- _Try it_
The output must match the lines from the first line of the listing below through the line holding "each defined once" exactly and must contain no pictures.

-- Material supplied follows --

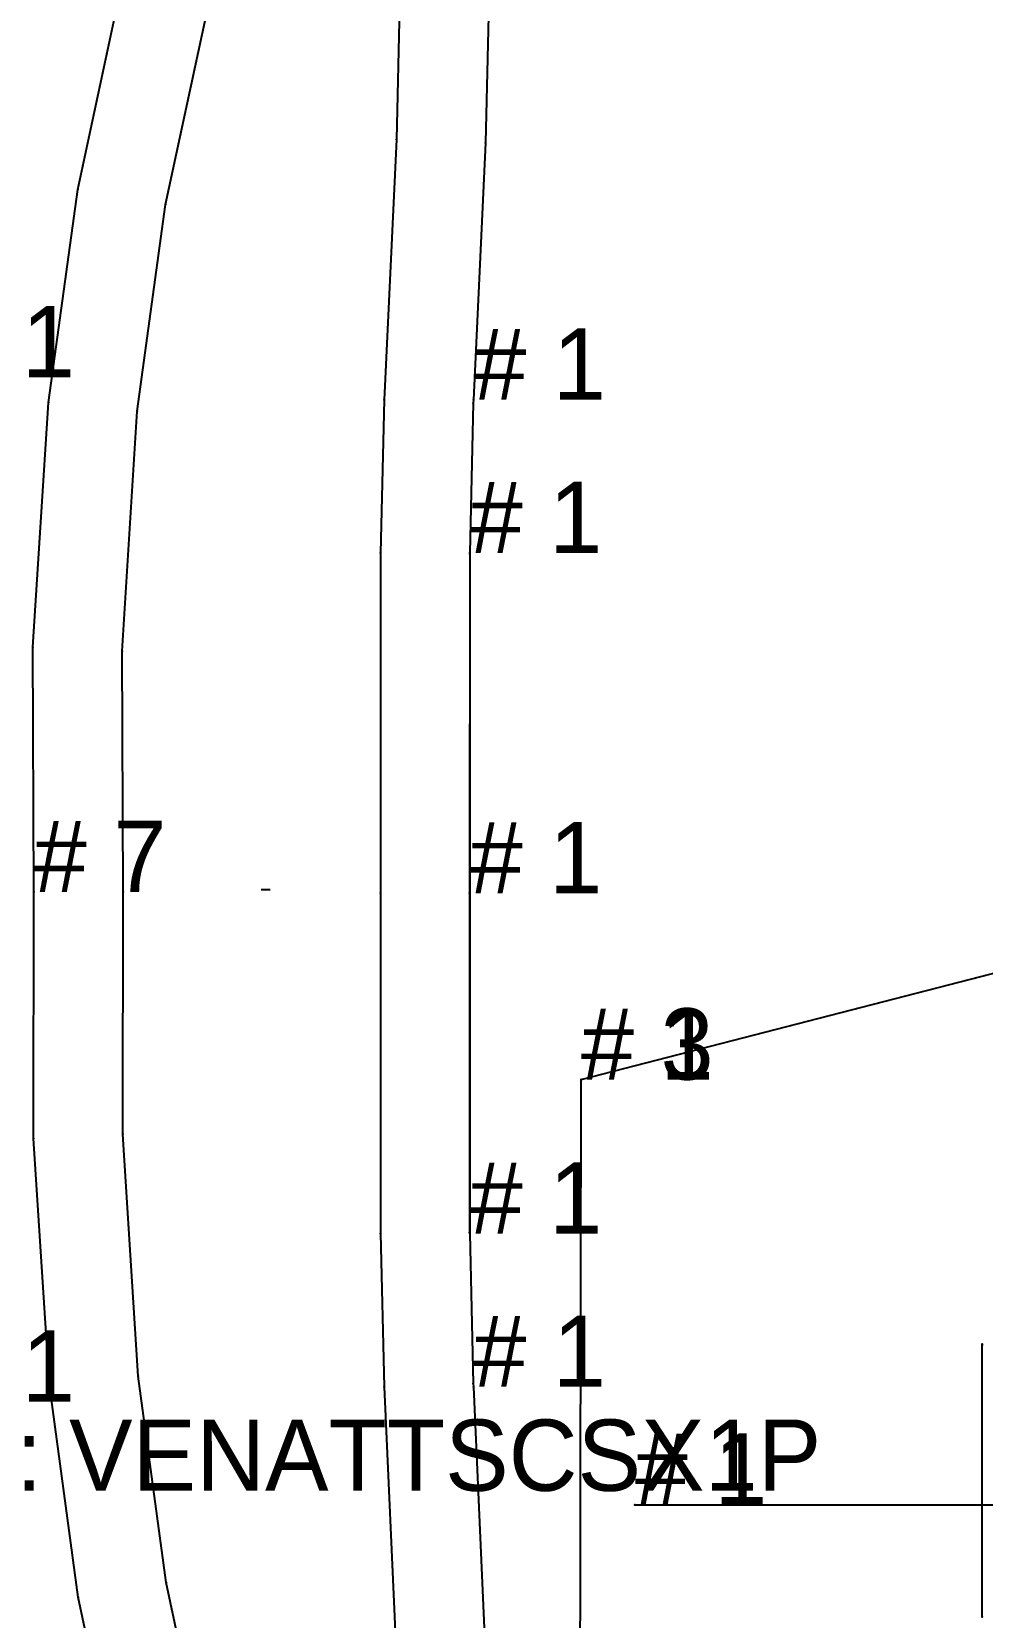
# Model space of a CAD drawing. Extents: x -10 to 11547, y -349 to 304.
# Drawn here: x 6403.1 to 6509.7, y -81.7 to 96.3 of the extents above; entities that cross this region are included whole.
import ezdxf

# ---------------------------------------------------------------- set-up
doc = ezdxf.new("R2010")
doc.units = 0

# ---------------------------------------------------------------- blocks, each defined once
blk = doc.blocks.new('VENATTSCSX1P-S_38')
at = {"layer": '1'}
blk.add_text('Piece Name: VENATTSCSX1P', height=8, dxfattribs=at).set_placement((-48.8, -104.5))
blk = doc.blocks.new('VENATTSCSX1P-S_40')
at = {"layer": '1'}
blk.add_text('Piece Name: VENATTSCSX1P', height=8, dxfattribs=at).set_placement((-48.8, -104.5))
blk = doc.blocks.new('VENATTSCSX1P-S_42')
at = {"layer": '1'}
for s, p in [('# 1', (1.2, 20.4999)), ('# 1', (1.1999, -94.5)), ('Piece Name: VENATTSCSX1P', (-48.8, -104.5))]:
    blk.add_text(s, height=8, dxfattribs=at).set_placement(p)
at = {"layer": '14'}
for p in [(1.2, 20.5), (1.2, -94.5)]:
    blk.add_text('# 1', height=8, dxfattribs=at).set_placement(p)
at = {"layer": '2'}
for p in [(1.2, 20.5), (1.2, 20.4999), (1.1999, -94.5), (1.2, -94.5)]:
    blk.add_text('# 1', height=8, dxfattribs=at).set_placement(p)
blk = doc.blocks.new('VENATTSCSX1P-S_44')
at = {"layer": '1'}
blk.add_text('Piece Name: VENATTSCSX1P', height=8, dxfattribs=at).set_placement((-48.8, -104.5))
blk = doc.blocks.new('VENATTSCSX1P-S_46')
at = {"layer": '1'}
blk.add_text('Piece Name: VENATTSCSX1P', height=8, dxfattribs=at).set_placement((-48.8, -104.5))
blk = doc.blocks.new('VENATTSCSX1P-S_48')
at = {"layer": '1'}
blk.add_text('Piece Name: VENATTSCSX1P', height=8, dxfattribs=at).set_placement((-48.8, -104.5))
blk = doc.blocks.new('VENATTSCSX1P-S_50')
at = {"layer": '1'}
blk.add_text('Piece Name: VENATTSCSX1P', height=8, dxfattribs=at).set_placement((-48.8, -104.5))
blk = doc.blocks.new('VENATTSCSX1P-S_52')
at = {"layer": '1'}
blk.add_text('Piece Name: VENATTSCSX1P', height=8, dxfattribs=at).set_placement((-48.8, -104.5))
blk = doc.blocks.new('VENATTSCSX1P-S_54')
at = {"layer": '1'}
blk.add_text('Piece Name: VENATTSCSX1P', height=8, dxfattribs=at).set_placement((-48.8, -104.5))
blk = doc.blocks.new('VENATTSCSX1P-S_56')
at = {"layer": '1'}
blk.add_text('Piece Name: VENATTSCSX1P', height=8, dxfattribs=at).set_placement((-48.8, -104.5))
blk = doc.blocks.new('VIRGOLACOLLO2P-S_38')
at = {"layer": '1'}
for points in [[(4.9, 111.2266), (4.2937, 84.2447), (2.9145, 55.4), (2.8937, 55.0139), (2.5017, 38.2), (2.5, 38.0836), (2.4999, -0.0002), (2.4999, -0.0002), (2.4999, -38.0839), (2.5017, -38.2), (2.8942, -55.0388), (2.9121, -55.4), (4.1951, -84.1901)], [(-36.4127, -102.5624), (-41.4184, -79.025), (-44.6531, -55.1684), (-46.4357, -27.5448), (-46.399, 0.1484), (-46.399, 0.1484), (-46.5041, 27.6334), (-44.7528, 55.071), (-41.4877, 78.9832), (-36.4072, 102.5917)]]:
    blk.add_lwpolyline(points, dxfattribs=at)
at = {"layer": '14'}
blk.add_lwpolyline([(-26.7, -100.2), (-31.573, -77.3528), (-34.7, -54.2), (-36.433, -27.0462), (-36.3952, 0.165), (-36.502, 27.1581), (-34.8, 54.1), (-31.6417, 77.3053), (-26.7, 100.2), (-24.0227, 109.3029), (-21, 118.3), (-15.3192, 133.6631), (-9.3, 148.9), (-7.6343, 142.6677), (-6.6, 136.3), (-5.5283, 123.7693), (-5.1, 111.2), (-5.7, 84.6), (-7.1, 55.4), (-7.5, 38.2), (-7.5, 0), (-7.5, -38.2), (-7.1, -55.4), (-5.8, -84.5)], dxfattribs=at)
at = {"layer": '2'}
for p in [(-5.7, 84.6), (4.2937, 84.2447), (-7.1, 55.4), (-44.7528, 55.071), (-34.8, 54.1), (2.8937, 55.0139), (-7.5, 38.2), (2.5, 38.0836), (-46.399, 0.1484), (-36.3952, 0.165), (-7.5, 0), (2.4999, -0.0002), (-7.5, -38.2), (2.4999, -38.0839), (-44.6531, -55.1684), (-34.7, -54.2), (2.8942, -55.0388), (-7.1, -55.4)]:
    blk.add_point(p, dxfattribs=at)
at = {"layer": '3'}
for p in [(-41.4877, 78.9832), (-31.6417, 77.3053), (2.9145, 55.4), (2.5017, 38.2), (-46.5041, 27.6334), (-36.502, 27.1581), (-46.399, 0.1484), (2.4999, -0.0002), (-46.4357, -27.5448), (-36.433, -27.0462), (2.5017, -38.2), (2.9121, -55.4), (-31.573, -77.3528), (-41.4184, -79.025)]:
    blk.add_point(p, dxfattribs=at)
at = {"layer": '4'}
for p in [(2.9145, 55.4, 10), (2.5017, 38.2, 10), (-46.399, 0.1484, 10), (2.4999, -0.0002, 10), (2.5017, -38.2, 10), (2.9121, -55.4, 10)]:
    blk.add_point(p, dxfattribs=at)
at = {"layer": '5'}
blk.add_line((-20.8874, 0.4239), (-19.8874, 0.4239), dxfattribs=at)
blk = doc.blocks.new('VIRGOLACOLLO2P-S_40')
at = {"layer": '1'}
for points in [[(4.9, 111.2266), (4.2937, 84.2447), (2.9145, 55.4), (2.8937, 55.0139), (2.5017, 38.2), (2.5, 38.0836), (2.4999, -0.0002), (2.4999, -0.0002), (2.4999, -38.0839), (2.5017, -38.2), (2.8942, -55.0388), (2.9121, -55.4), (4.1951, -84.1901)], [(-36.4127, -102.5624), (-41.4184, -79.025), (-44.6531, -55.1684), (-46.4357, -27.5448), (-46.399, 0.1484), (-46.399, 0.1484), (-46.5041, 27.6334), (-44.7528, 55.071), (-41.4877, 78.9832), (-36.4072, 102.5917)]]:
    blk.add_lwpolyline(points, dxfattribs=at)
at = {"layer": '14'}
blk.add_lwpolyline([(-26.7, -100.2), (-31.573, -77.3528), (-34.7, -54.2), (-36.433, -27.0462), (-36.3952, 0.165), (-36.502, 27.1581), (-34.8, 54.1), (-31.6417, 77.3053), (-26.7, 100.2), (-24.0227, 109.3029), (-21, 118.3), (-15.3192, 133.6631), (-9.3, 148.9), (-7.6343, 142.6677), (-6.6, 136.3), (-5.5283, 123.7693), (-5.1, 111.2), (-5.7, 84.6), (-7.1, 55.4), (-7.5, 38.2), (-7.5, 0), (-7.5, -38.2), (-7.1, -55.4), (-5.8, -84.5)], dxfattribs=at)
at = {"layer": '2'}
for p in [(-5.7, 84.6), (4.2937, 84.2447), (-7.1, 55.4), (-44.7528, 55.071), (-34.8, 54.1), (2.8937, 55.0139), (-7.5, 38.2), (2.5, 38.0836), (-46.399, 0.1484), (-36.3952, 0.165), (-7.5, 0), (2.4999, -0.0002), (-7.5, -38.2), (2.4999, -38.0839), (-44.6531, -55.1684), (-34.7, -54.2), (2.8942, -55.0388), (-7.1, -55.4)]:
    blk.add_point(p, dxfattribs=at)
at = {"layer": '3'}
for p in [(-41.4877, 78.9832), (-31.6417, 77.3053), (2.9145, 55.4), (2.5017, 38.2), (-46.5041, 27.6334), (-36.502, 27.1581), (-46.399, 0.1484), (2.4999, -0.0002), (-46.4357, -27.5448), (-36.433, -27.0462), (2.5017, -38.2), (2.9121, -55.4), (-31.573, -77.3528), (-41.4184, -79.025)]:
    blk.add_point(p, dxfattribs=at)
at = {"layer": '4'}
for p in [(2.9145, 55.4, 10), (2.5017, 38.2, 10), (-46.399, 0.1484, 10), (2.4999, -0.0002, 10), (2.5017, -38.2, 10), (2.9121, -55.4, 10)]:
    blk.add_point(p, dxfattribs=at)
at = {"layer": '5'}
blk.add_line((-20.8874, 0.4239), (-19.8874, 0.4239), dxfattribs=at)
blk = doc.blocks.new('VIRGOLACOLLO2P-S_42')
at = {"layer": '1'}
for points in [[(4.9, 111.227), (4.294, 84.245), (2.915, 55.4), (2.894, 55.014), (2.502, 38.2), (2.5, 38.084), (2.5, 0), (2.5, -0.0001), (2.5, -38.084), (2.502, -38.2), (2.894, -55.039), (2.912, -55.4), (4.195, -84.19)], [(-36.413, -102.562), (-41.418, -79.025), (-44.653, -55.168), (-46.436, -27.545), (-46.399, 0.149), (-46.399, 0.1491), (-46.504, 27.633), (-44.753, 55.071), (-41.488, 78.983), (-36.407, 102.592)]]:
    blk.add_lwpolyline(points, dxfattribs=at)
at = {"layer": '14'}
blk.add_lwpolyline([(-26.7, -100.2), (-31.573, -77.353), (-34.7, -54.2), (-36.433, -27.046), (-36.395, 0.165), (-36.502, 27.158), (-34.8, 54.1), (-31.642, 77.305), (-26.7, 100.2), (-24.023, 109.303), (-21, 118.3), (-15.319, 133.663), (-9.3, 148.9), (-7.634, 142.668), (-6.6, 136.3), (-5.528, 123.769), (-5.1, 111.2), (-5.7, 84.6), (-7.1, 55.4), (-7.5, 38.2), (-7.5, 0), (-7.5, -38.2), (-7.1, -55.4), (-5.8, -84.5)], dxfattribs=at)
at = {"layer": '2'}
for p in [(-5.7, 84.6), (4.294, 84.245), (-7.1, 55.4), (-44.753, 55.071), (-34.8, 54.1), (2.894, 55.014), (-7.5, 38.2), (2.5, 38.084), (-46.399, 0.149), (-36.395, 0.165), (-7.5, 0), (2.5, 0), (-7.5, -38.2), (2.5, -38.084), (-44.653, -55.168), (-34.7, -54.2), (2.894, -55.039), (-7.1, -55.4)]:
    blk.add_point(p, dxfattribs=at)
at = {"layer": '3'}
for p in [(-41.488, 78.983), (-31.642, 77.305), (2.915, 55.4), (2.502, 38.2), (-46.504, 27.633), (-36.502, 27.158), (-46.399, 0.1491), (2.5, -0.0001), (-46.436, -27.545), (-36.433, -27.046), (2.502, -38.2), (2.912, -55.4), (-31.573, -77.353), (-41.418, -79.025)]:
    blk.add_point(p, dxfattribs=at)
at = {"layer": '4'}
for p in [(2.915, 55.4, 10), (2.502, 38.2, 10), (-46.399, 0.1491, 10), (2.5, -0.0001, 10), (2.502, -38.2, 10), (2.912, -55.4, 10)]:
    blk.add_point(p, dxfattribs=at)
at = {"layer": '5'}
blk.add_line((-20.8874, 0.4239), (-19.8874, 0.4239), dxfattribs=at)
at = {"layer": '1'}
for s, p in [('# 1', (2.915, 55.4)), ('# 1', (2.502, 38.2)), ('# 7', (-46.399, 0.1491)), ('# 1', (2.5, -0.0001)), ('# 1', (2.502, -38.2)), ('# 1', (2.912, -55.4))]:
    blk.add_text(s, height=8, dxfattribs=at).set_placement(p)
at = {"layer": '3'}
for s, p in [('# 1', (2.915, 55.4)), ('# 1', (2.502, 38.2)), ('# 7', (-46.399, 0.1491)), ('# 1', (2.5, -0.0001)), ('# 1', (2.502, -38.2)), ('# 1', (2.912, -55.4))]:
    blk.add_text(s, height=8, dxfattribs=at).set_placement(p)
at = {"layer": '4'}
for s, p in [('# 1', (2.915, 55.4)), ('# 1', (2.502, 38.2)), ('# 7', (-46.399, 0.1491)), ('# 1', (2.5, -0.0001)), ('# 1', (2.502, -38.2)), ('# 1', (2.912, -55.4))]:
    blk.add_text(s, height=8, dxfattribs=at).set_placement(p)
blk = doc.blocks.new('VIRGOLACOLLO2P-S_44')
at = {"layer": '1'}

-- Material supplied concluded --

- _Finished exercise_
# Model space of a CAD drawing. Extents: x -10 to 11547, y -349 to 304.
# Drawn here: x 6403.1 to 6509.7, y -81.7 to 96.3 of the extents above; entities that cross this region are included whole.
import ezdxf

# ---------------------------------------------------------------- set-up
doc = ezdxf.new("R2010")
doc.units = 0

# ---------------------------------------------------------------- blocks, each defined once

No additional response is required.